In Myanmar, over five million people are infected with hepatitis B virus (HBV) and hepatitis C virus (HCV). Hepatitis has been a recent focus with the development of a National Strategic Plan on Hepatitis and plans to subsidize HCV treatment.


During a two-day national liver disease symposium covering HCV, HBV, hepatocellular (HCC), and end-stage liver disease (ESLD), physician surveys were administered using the automated response system (ARS) to assess physician knowledge, perceptions of barriers to screening and treatment, and proposed solutions. Multivariate logistic regression was used to estimate odds ratio (OR) relating demography and practice factors with higher provider knowledge and improvement.
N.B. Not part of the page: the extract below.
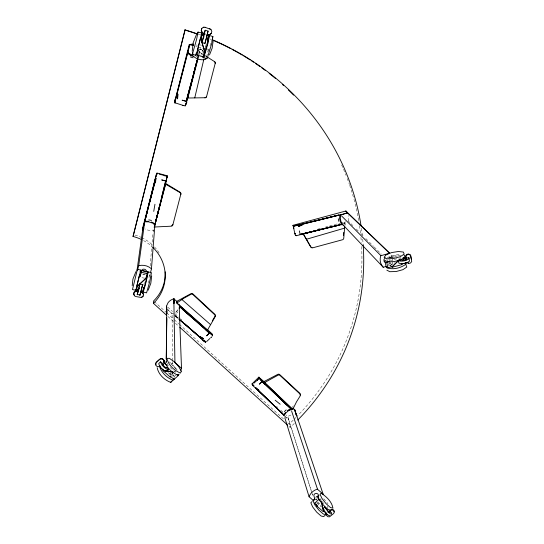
<?xml version="1.0" encoding="UTF-8"?>
<svg xmlns="http://www.w3.org/2000/svg" width="544" height="544" viewBox="0 0 544 544"><rect width="100%" height="100%" fill="white"/><g stroke="black" fill="none" stroke-linecap="round" stroke-linejoin="round"><path stroke-width="0.41" stroke-dasharray="2.72 2.04" d="M166.314 362.542L166.342 360.019M166.246 362.406L166.26 360.726M166.274 362.488L166.287 360.808M389.497 260.556L389.518 260.039M344.189 224.597C344.005 219.259 346.208 223.604 344.848 225.719M149.022 277.732L149.498 273.455M150.144 265.866L152.946 232.988M203.402 54.536L199.417 52.258L199.396 51.592L197.873 57.936M153.272 231.363L153.374 229.996A10.506 10.152 12.2 0 1 146.05 229.473L145.166 228.983M153.197 231.472L153.456 229.956M199.417 51.972L199.342 52.251M204.87 48.742L206.115 43.942M204.952 49.266L205.306 47.818M208.604 51.544L209.562 47.566M143.766 285.11L144.704 281.255M148.417 282.941L148.974 280.643M198.846 53.747L197.866 57.589L198.227 56.413L195.833 56.705M197.71 58.188L198.125 56.569M197.785 57.854L200.382 47.729L198.064 46.906M198.206 58.004L199.485 51.972M150.219 273.652L149.138 277.664M206.577 56.766L208.406 49.144M205.652 46.362L206.652 42.752M210.004 45.975L211.555 40.399M167.912 309.726L172.02 313.725L173.876 313.167M203.007 54.121L203.313 53.428M390.442 266.349L391.326 264.846L393.346 263.996M348.085 220.993L348.18 220.878A10.159 9.67 -43 0 0 348.473 215.621M390.32 265.758L391.204 264.255L394.57 262.84M292.4 407.266L293.27 405.872M388.056 266.016L392.122 264.778A12.675 11.798 -39.7 0 0 392.591 262.766M203.204 53.142L203.028 51.095L201.613 49.62L199.417 49.531L201.171 49.436L203.028 51.095L203.204 53.142L202.069 54.801L200.79 55.128M320.198 499.501L320.79 498.692M177.942 309.679L175.624 312.31M177.738 310.59L174.787 312.95M167.124 364.052L167.572 363.623L168.307 365.854M174.916 372.524L175.358 372.089L169.483 366.894M176.582 313.16L178.017 311.855M328.018 507.117L327.59 507.504L327.508 505.974M174.495 371.878L175.95 370.892M145.316 274.509L143.065 274.863L141.658 274.054M343.509 223.509L345.549 222.87M290.863 415.065L287.667 416.466L285.804 414.807M392.068 257.822L395.916 256.87M390.592 257.795L393.292 256.666L397.467 256.02M388.899 257.747L392.38 256.306L399.221 255.231L400.833 255.462M388.538 263.772L391.347 262.609M387.974 264.636L392.87 262.609M387.267 257.604L392.176 255.592L399.038 254.497L400.697 254.701M145.479 273.788L143.684 274.278L141.964 273.544M317.818 229.167L321.089 228.283M325.169 227.181L340.272 223.108M340.687 222.999L345.583 221.68M343.529 223.734L345.222 223.264L344.434 222.061M316.737 500.004L315.486 499.134L316.758 498.916M199.743 49.511L201.613 49.62L201.171 49.436M205.34 48.674L200.369 47.661M206.128 48.824L208.481 49.28M195.806 46.233L197.322 46.682M389.715 259.821L391.088 260.352L400.5 257.781L400.622 258.38L400.479 257.054M196.262 44.941L197.438 45.404M173.985 367.139L175.617 367.798L176.399 369.281M198.954 54.692L200.151 55.298M199.682 52.224L204.116 55.019M205.346 55.801L207.148 56.936M205.258 55.712L207.026 56.841M316.771 502.357L318.968 503.758L321.647 506.661M316.894 503.091L321.225 507.049M172.101 373.198L172.727 373.612L172.217 373.109M169.123 361.91L171.802 363.773L177.194 370.104M315.513 499.127L316.751 500.004M284.852 416.459L288.68 419.669L311.977 492.973M175.549 316.2L177.956 318.247M173.917 314.711L178.391 318.56M175.182 315.819L178.35 318.58L175.168 315.812M284.73 416.228L288.68 419.669L287.572 416.425L311.916 492.939M167.98 372.504L171.469 375.578M175.134 315.296L178.296 318.09M321.953 501.752L324.986 504.431M167.906 316.452L174.808 322.708M175.433 323.279L178.568 326.121M288.912 426.285L290.163 427.421A250.532 237.17 9.3 0 0 294.256 423.524M154.265 301.498L166.178 312.331M166.811 312.902L173.706 319.172M174.332 319.743L178.724 323.734M179.35 324.306L284.09 419.506M287.858 422.926L289.109 424.068L290.163 427.421M167.756 307.142L172.475 311.447M174.984 313.732L179.996 318.308M180.622 318.879L181.873 320.022M276.529 406.354L277.78 407.49M280.901 410.339L283.404 412.624M166.75 308.598L172.19 313.745M348.133 220.959L349.819 222.591M201.661 49.742L203.028 51.095M350.948 223.686L353.926 226.671M356.306 229.058L358.693 231.445M361.073 233.838L363.453 236.225M365.84 238.612L368.818 241.597M369.41 242.196L373.585 246.378M374.177 246.976L381.324 254.143M386.689 259.515L387.879 260.712M388.477 261.31L392.047 264.894M323.796 498.787L328.018 503.764M317.852 502.01L321.164 505.566M171.36 364.194L176.045 369.247M170.367 372.558L173.196 376.938M169.993 372.926L171.401 375.625M169.551 373.347L170.605 375.38M173.346 374.884L174.658 377.454L173.373 374.898M320.627 499.113L321.293 500.432M202.66 50.374L203.028 51.19M389.021 259.549L389.15 260.148M172.094 315.139L172.557 360.638M172.564 361.481L172.604 365.697M172.679 373.279L172.883 376.652A12.648 11.662 -5.5 0 0 176.147 375.224M391.007 254.959A12.675 11.798 -39.7 0 1 392.319 257.985M392.482 258.652A12.675 11.798 -39.7 0 1 392.714 260.692M170.972 364.222A12.58 11.574 -6.9 0 1 172.815 363.168M199.934 44.928A14.382 13.865 72.5 0 1 201.511 45.206M144.616 278.134A13.192 12.566 5.2 0 1 140.95 277.365M361.61 246.527A248.139 235.069 9.6 0 1 296.575 416.806M296.011 417.377A248.139 235.069 9.6 0 1 293.746 419.635M293.168 420.199A248.139 235.069 9.6 0 1 289.109 424.068M210.038 38.978A248.139 235.069 9.6 0 1 211.521 39.603M341.632 164.927A248.139 235.069 9.6 0 1 346.072 175.454M347.242 178.48A248.139 235.069 9.6 0 1 349.445 184.579M349.704 185.341A248.139 235.069 9.6 0 1 353.525 197.642M353.981 199.288A248.139 235.069 9.6 0 1 359.006 222.435M359.523 225.753A248.139 235.069 9.6 0 1 360.495 233.233M360.93 237.388A248.139 235.069 9.6 0 1 361.352 242.372M134.946 235.049A41.97 39.698 7.7 0 1 140.998 237.279M141.719 237.619A41.97 39.698 7.7 0 1 152.245 244.705M154.482 246.922A41.97 39.698 7.7 0 1 160.038 254.402M198.274 34.238A250.532 237.17 9.3 0 1 199.811 34.796M361.42 228.31A250.532 237.17 9.3 0 1 362.277 235.015M362.712 239.204A250.532 237.17 9.3 0 1 363.188 245.072M143.609 240.598A42.371 40.045 7.5 0 1 151.484 246.112M392.394 256.652L388.3 258.23L392.394 256.652M312.678 495.36L312.174 493.748L312.739 495.394"/><path stroke-width="0.82" d="M175.766 98.219C173.828 99.572 175.957 105.108 174.576 102.354L189.271 44.499L193.358 44.023M179.268 308.312L179.268 307.503M156.4 174.461L156.658 173.25L157.277 173.074L167.09 175.739L165.492 184.124L180.016 192.59A1.754 1.72 12.7 0 1 180.832 194.507M284.165 415.82L282.894 414.072L255.578 387.675L258.924 390.157M347.507 213.139L345.821 211.018L293.094 225.284L295.052 234.695L296.242 235.715L340.911 224.624L300.227 234.614M166.348 359.176L166.736 318.77M166.28 359.04L166.756 310.23M166.308 359.122L166.736 317.92M166.736 308.224L166.566 305.932L168.028 302.77A10.098 9.527 -4.1 0 1 173.828 298.846L174.93 362.426L181.499 368.383A12.648 11.662 -5.5 0 1 180.778 370.233M207.427 329.582L212.371 334.125L212.371 334.914M399.486 259.522L392.387 266.58L387.831 267.825L386.75 262.466L389.599 261.385M148.165 271.884L146.207 281.527L143.256 292.08L146.567 292.862L149.546 282.322L151.463 272.68L148.165 271.884L146.792 275.917M207.441 330.181L215.132 316.785A1.666 1.571 -10.9 0 0 214.86 314.915L192.964 294.569A1.686 1.598 -6.3 0 0 190.944 294.331L184.103 298.085L177.092 302.818L176.555 301.226L176.582 302.756L207.488 329.943M167.103 177.29L167.28 176.059M282.941 414.032L252.504 385.254L252.022 383.908L258.801 377.196L265.241 382.697M137.428 269.3L132.478 289.537L135.803 290.319L140.74 270.096L137.428 269.3L137.013 270.409L142.78 228.97L155.917 178.371L155.509 182.947M140.862 291.774L142.467 292.155L142.528 291.006M323.19 494.326L294.76 409.856L292.869 408.075M203.422 55.1L202.994 57.44L204.7 51.836L202.028 42.588L205.176 30.233L208.073 31.103L204.918 43.452L202.028 42.588L201.103 37.917L200.634 39.372M385.043 261.535L386.084 266.567L387.831 267.825M142.698 230.282L142.882 227.181L156.658 173.25M166.654 315.309L153.49 303.362L153.639 300.927A41.97 39.698 7.7 0 0 165.199 271.823M206.53 96.404A1.829 1.788 71.7 0 1 204.83 97.736L187.558 98.022L187.85 97.764L187.442 98.233L197.662 58.752M343.516 235.477L343.706 232.41M206.36 57.582L205.741 59.412A14.504 13.913 74.1 0 1 192.556 55.536L192.902 53.611M198.05 32.076L196.595 39.318L192.372 54.305L195.86 55.332L198.138 48.212L201.674 32.932L198.05 32.076L197.567 33.646M205.176 30.233L202.028 42.588M204.898 53.108L208.277 40.066M174.821 102.639L187.734 52.748L189.604 44.656L189.271 44.499L193.528 45.227M150.423 272.87L151.436 268.967L154.829 225.678M302.389 225.053L298.296 226.59L302.77 224.121L297.99 225.318L339.85 214.928L340.374 214.968L340.245 218.967L341.571 223.298M165.424 183.763L154.353 227.018L171.197 226.188A1.741 1.686 6.3 0 0 172.836 224.93L180.846 194.12A1.748 1.714 12.8 0 0 180.037 192.202L165.485 183.362M339.85 214.928L339.721 218.926L340.272 221.408M386.75 262.67L386.947 262.194M344.719 226.535L343.754 238.211A1.68 1.591 -39.7 0 1 342.468 239.768L312.746 247.812A1.68 1.605 -34.7 0 1 310.923 247.092L303.205 233.784M165.362 184.049L165.607 184.396L165.505 183.641M178.065 94.255L177.568 98.865L177.494 93.35M132.206 285.729L132.947 279.038L135.952 271.612M151.688 275.883L150.817 283.302L148.22 290.163M252.321 384.921C252.239 384.071 253.62 385.438 252.504 385.254M138.455 291.21L136.442 290.353L137.496 286.151L146.084 278.195L147.274 273.612L147.519 271.735L141.909 270.422M137.632 269.79L138.679 265.785L144.52 223.149M167.219 176.514L167.09 175.739M213.139 41.018L212.126 48.239L209.528 54.896M162.683 369.315L163.159 370.811L170.224 377.026L170.673 376.598L174.026 379.392L178.316 375.53L178.486 374.374M212.412 335.872L212.446 335.111L210.936 333.73L180.309 307.149M154.394 226.433L154.244 227.406L165.634 184.253M135.782 289.388L135.803 290.319M153.748 211.378L154.952 204.238M142.467 292.155L143.65 287.613L144.296 287.762L147.104 276.175M139.679 274.394L136.85 286.001L137.496 286.151L146.084 278.195L146.458 276.019M204.388 53.713L203.708 57.841L207.142 58.65L211.636 43.806L212.894 36.53L209.406 35.482L208.1 39.372M141.454 239.496A42.371 40.045 7.5 0 0 133.042 236.49L185.042 29.886A250.532 237.17 9.3 0 1 197.499 33.966M139.271 276.563L139.924 276.719L140.325 274.55M139.876 283.961L137.217 294.719L139.876 283.961L142.61 284.614L139.951 295.358L140.488 292.692M141.766 288.204L142.61 284.614M195.86 55.332L196.316 52.986M155.387 222.652L154.999 224.835L154.999 224.393M192.372 54.305L192.692 52.741M143.922 287.47L143.256 292.08M207.033 35.761L207.386 34.136M187.734 52.748L189.604 44.656L193.555 45.159M141.61 288.864L140.801 292.06M194.752 97.872L203.789 59.5M149.226 204.211L155.917 178.371M161.935 196.255L165.696 180.941L161.806 179.948L165.696 180.941L155.373 222.693L167.212 176.882M145.119 220.143L155.944 176.249M156.502 174.053L145.16 220.068M159.344 206.734L156.148 219.558M133.042 236.49L185.042 29.886M186.143 103.326L185.395 105.89C183.668 106.549 187.864 102.49 186.667 101.306L197.703 58.228M206.462 38.019L206.842 36.509M203.456 27.2L201.756 28.404L201.239 30.423L202.082 32.341L203.504 33.177M201.817 28.383L201.3 30.403L202.144 32.327M204.218 52.911L204.7 51.836L200.981 39.046L200.294 38.835L197.506 49.708L198.193 49.905L197.03 54.971L203.347 57.066M200.981 39.046L202.266 34.177L202.892 33.918L205.136 34.592M166.144 181.03L166.648 179.071M259.141 377.182L259.678 378.481L259.393 379.012L259.005 378.631M139.924 276.719L141.406 272.252L147.274 273.612M141.284 271.361L141.583 270.205L143.092 269.164L144.969 269.294L146.322 270.545L146.458 271.728M155.53 222.02L156.38 218.729M156.801 217.09L158.073 212.153M187.626 97.322L185.538 105.441L184.749 105.896M189.958 88.257L190.808 84.973M194.188 71.822L196.302 63.607M204.918 43.452L206.278 38.665M207.543 33.15L208.073 31.103M174.76 102.02L187.374 53.407M186.497 101.327L197.662 58.398M187.864 97.9L197.996 58.752M208.733 35.265L207.509 40.99L208.196 41.194M144.718 222.034L142.78 228.97L142.936 227.378M145.928 216.961L147.451 211.113M187.85 97.764L187.517 97.988M193.365 74.535L196.982 60.908L186.191 101.272L182.22 100.218L186.191 101.272L191.808 80.362M297.86 224.76L293.522 225.896L293.842 228.405M187.442 98.233L187.592 97.73M201.056 34.694L201.674 32.932M207.427 39.148L208.468 36.04M179.255 307.924L179.649 306.755L212.378 335.369M212.357 38.08L212.894 36.53M300.002 395.005A1.591 1.442 -21 0 0 299.805 393.271L279.691 374.578A1.605 1.476 -19.4 0 0 277.794 374.381L264.003 381.562L264.234 382.459L292.876 409.557M140.094 271.762L140.74 270.096M197.751 51L198.193 49.905M157.189 367.71C158.467 374.469 164.458 380.106 170.789 382.405L173.074 380.215L173.91 378.236M170.789 382.405L171.36 381.079M147.057 272.823L147.519 271.735M203.708 57.841L208.107 42.752L209.406 35.482M296.242 235.715L295.752 235.423M179.35 306.7L179.642 306.755M160.521 367.003L160.555 367.696L163.608 370.382L173.298 372.218L163.608 370.382L163.159 370.811M196.459 34.558L193.222 42.622L192.188 51.32M212.33 320.824L215.07 316.139M163.227 363.093L163.914 361.937L163.71 360.264L162.404 359.101L160.582 358.992L159.358 359.672L156.359 362.569L155.679 363.732L155.883 365.398L157.196 366.554L159.011 366.663L160.235 365.983M318.369 495.815L317.968 495.842M318.621 495.591L317.458 496.706L318.566 499.528L314.745 503.336M340.374 214.968L347.473 212.806L389.735 253.3M283.655 414.95L285.505 412.454M284.009 415.446L285.858 412.957L289.306 410.006M402.58 260.562L404.906 257.292M314.847 502.914L314.847 503.526L317.465 505.832L317.036 506.226L323.109 511.571L323.537 511.183L321.524 502.139L318.566 499.528M170.224 377.026L170.952 376.054M385.057 258.114L383.962 259.542L384.01 261.27L385.172 262.48M402.676 260.61L405.158 257.414M179.146 374.129L178.221 375.278C171.945 372.844 166.029 367.282 164.587 360.57M389.497 253.239L380.746 255.748A12.689 11.764 -41 0 0 383.166 267.22L386.505 266.438M290.89 409.027L289.571 410.237L291.169 409.36L290.013 407.918L262.126 381.5L259.522 384.105L262.126 381.5L265.404 384.601M399.446 259.549L392.387 266.58L392.51 267.179L401.894 264.615L401.744 263.262M209.977 338.416L206.591 341.591M160.589 361.787L158.705 363.61C159.548 367.186 162.642 369.974 165.872 371.511L168.626 369.145L166.879 367.601L165.26 367.506L166.879 367.601L166.348 367.88L165.084 367.18L163.615 365.799L162.364 363.358L160.589 361.787C161.459 365.357 164.546 368.138 167.763 369.689L168.626 369.145M284.41 411.604L286.164 409.904M162.194 365.391L164.417 363.242L164.132 361.012M253.864 383.207L259.4 378.243M205.176 342.101C207.618 342.428 202.654 341.455 202.314 339.531M312.038 501.602L310.814 502.744L312.65 506.913L316.73 512.183L321.096 516.018L323.666 516.589L325.849 514.61L325.822 512.713M314.194 499.637L312.99 500.759L314.84 504.92L318.927 510.184L323.292 514.026L325.849 514.61M319.056 495.21L317.88 496.298C319.682 501.711 323.938 505.961 328.236 509.544L330.766 510.156M315.942 497.27L316.894 496.427M321.953 501.752L321.524 502.139L323.537 511.183L326.604 513.556M329.854 515.739L328.596 515.474L326.454 513.665L322.993 508.688L324.795 507.056L328.324 511.238L330.188 512.298L330.011 511.421L331.514 512.747L331.656 514.114L330.405 513.835L328.263 512.026L324.795 507.056M328.046 512.339L330.521 510.095M328.569 512.264L331.412 510.088L333.037 510.15L334.145 511.129L334.227 512.584L333.547 513.604L329.576 516.8L327.95 516.746L326.842 515.766L326.754 514.318M138.679 265.785L138.822 265.696A13.144 12.471 4.3 0 1 151.361 268.722L151.429 268.838M176.766 302.981L207.223 330.208M287.28 410.795L290.544 408.496M211.303 33.408L209.664 34.585L208.094 34.558M136.626 290.693L139.318 288.816M141.59 297.099L143.092 296.052M141.12 272.435L141.624 272.258M136.483 290.442L139.244 288.687M264.71 382.507L278.032 375.176A1.612 1.476 -19.4 0 1 279.936 375.374L300.057 394.067A1.591 1.448 -21 0 1 300.261 395.808L296.494 401.873L292.747 409.448L264.71 382.507L264.636 382.881L264.241 381.664M174.434 379.256L173.93 379.352M156.652 173.72C157.454 173.026 157.434 174.957 156.658 174.134M340.592 215.104L347.473 212.806L345.821 211.018L389.592 253.232M306.428 239.265L344.474 228.167M403.043 257.72L405.13 257.366L405.722 259.828M406.715 259.468L406.463 258.216L408.802 257.577L409.047 258.665C406.089 260.882 401.9 261.834 398.351 260.658L398.861 263.16C402.404 264.357 406.606 263.405 409.55 261.174L408.802 257.577M398.351 260.658L400.67 260.025L403.859 260.148L405.736 259.563L406.742 258.815L406.463 258.216M406.32 262.779L401.771 264.017L401.894 264.615M294.78 226.025L296.106 225.665M312.909 221.571L338.674 215.152M304.286 233.519L324.72 228.31M326.352 227.895L331.262 226.644M303.362 233.934L341.115 224.312M296.242 235.661L296.589 235.572M297.99 225.318L338.715 215.098L293.896 225.93M332.017 226.841L337.776 225.454L300.172 234.376L299.329 230.874M319.797 229.745L300.172 234.376M340.823 224.733L342.951 224.733L342.523 224.59M176.78 301.328L190.903 293.692A1.686 1.598 -6.3 0 1 192.916 293.93L214.798 314.269A1.659 1.564 -10.9 0 1 215.234 315.744M293.406 226.515L294.086 226.596L293.842 225.808M144.833 221.258L148.77 221.292M144.731 221.802L148.662 221.836L153.401 223.366M323.197 494.217L317.37 489.151A11.655 10.132 -20.1 0 0 309.101 496.706L313.48 500.718M203.395 27.227L205.034 27.227M208.026 34.571L209.59 34.598L211.228 33.422L211.827 31.396L210.916 29.492L209.562 28.642M331.174 509.395L332.792 509.449L333.9 510.435L333.982 511.884M167.056 176.875L166.784 176.14L159.297 174.141M142.848 270.98L143.949 271.062M148.804 219.837L151.504 220.463M138.564 291.38L135.66 291.067L134.15 292.121L133.708 293.842L134.538 295.44M138.509 291.795L135.606 291.489L134.096 292.543L133.654 294.263L134.477 295.868L135.762 296.541L141.542 297.52L143.045 296.473L143.534 294.331L142.718 292.733L141.44 292.06M137.843 294.542L139.89 295.025M146.084 278.195L146.737 278.351M192.46 55.563L191.196 55.236L187.666 52.822M183.94 105.672L174.576 102.673M193.807 56.474L191.053 55.665L187.524 53.244M204.7 51.836L205.387 52.034M203.442 33.198L205.034 33.64M206.632 35.04L208.869 35.707M204.966 27.254L210.99 29.471M190.38 56.909L193.147 57.8M295.623 235.389L295.895 235.668M173.917 298.846L177.113 301.736M151.422 221.966L155.128 223.842M391.129 266.628L392.51 267.179M173.074 380.215C166.777 377.985 161.405 372.429 159.331 366.098M406.932 262.371L408.476 263.072M407.313 262.725L408.857 263.432L410.584 262.963L411.699 261.528L411.012 256.204L410.4 255.034L408.85 254.32L407.123 254.796L406.001 256.231L406.382 259.978M212.439 335.893L212.52 334.363M179.758 319.79L199.281 336.539L203.599 338.667L200.226 336.62M384.778 260.358L387.722 261.834L394.094 261.61L400.867 259.76L404.784 257.183L404.668 255.517L404.022 255.109M144.752 271.266L145.86 271.823L144.799 271.279M386.838 270.15L389.79 271.701L396.148 271.524L402.893 269.681L406.783 267.056L406.008 264.914M141.392 292.475L142.671 293.155L143.494 294.753M187.85 52.666L192.474 55.359M207.393 330.31L207.509 329.657M207.692 57.263L214.411 61.547A1.87 1.809 76.6 0 1 215.234 63.655M197.397 55.311L197.023 54.856M275.176 400.207L280.167 404.246M199.281 336.539L202.681 339.449L179.078 319.185M178.99 319.131L205.319 342.149M181.852 299.479L210.569 324.639M210.786 333.404L212.384 334.812M164.417 363.242L167.28 365.779M177.181 374.524L178.316 375.53M322.993 508.688L323.993 509.572M191.651 317.322L182.614 309.325L209.338 333.05L206.727 335.77L209.338 333.05L205.999 330.072M182.029 321.402L183.348 322.565M184.613 323.687L204.83 341.578M179.819 327.264L287.654 425.143M203.803 340.02L205.054 341.163M254.041 385.839L252.022 383.908M204.197 340.932L204.53 341.238L203.912 340.666M260.352 379.671L260.943 380.215L260.664 379.964M262.412 381.038L259.678 378.481M262.126 381.5L289.748 407.674L259.59 378.712M279.228 397.678L287.701 405.736M255.374 387.811L282.894 414.072L255.578 387.675M343.142 225.08L343.665 225.59M341.632 215.982L380.841 255.612M343.72 225.631L383.275 267.288M167.736 370.464L168.864 371.695M341.992 224.57L340.551 222.108M293.094 225.284L293.522 225.896M292.91 225.583L293.372 226.25M386.206 267.145L386.512 267.655C392.924 270.11 400.799 268.09 406.171 264.024L405.654 262.609M302.988 233.471L310.57 246.65A1.68 1.598 -34.7 0 0 312.045 247.425M314.765 499.12L313.786 495.047L314.779 493.796L316.377 493.34L317.839 493.898L318.478 495.203M179.03 304.606L180.418 307.374M202.341 34.109L203.796 37.067M316.057 504.234L317.036 506.226M202.613 33.925L203.946 36.965M291.666 411.25L317.492 489.151M284.804 417.717L309.108 496.842M291.013 409.346L291.271 410.196M258.801 377.196L259.08 378.332M406.001 259.624L405.62 255.884L406.735 254.449L408.462 253.98L410.013 254.687L411.25 259.026M338.307 218.824L338.817 221.36M205.306 341.299L205.421 342.162M155.904 364.874L155.7 363.208L156.38 362.052L160.596 358.476L162.411 358.584L163.724 359.747L163.921 361.42M326.516 513.611L326.604 515.059M166.62 306.109L166.784 313.718L166.777 309.182M179.275 308.244L181.499 368.261M204.891 97.838A1.836 1.795 71.7 0 0 206.598 96.506L215.159 63.58A1.87 1.802 76.6 0 0 214.343 61.479M172.856 224.516A1.734 1.686 6.3 0 1 171.68 225.706M184.878 30.008A248.139 235.069 9.6 0 1 197.22 34.048M213.744 40.548A248.139 235.069 9.6 0 1 230.547 48.572M232.043 49.361A248.139 235.069 9.6 0 1 242.311 55.114M243.753 55.971A248.139 235.069 9.6 0 1 250.158 59.942M251.559 60.846A248.139 235.069 9.6 0 1 253.654 62.22M255.728 63.614A248.139 235.069 9.6 0 1 259.828 66.456M261.861 67.905A248.139 235.069 9.6 0 1 265.2 70.36M269.144 73.372A248.139 235.069 9.6 0 1 275.57 78.54M282.404 84.442A248.139 235.069 9.6 0 1 283.621 85.537M288.402 89.991A248.139 235.069 9.6 0 1 293.617 95.132M152.66 247.187A42.371 40.045 7.5 0 1 153.49 303.362M363.188 245.072A250.532 237.17 9.3 0 1 297.697 420.104M212.697 39.896A250.532 237.17 9.3 0 1 361.046 225.794M174.026 298.894L174.005 303.348L174.026 298.894M164.478 175.617L165.097 175.8L164.478 175.617M197.737 51.537L197.676 52.55L197.737 51.537M141.134 271.939L141.032 272.857L141.134 271.939M181.288 371.158L180.513 373.075C174.25 370.607 168.354 365.065 166.865 358.367L169.381 358.333L174.053 361.597L178.731 366.636L181.288 371.158M314.636 498.868L313.65 500.398L314.629 498.882M182.498 105.393L183.124 105.59L182.498 105.393M211.33 337.069L210.902 337.498L211.324 337.083M385.934 254.884L384.139 257.326L387.083 258.781L393.462 258.536L400.241 256.686L404.165 254.13L403.41 252.076L398.419 251.484L391.551 252.586L385.934 254.884M257.836 379.732L257.434 380.147L257.836 379.732M321.218 493.238L320.062 494.312L321.966 498.433L326.08 503.683L330.439 507.545L332.948 508.171C331.908 501.758 326.495 496.638 321.218 493.238M295.14 233.308L295.27 233.872L295.14 233.308M154.476 224.271L153.476 223.679L154.931 224.611L154.476 224.271M342.727 224.672L341.863 223.496L342.727 224.672M296.426 415.555L294.712 409.768L296.426 415.555"/></g></svg>

One hundred two physicians attending from various specialty areas (31.0% specializing in gastroenterology/hepatology and/or infectious disease) were of mixed gender (46.8% male), were younger than or equal to 40 years old (51.1% 20 to 40 years), had less experience (61.6% with ≤10 years of medical practice), were from the metropolitan area of Yangon (72.1%), and saw <10 liver disease patients per week (74.3%). The majority of physicians were not comfortable with treating or managing patients with liver disease. The post-test scores demonstrated an improvement in liver disease knowledge (9.0% ± 27.0) compared to the baseline pre-test scores; no variables were associated with significant improvement in hepatitis knowledge. Physicians identified the cost of diagnostic blood tests and treatment as the most significant barrier to treatment. Top solutions proposed were universal screening policies (46%), removal of financial barriers for treatment (29%), patient education (14%) and provider education (11%).


Physician knowledge improved after this symposium, and many other needs were revealed by the physician input on barriers to care and their solutions. These survey results are important in guiding the next steps to improve liver disease management and future medical education efforts in Myanmar.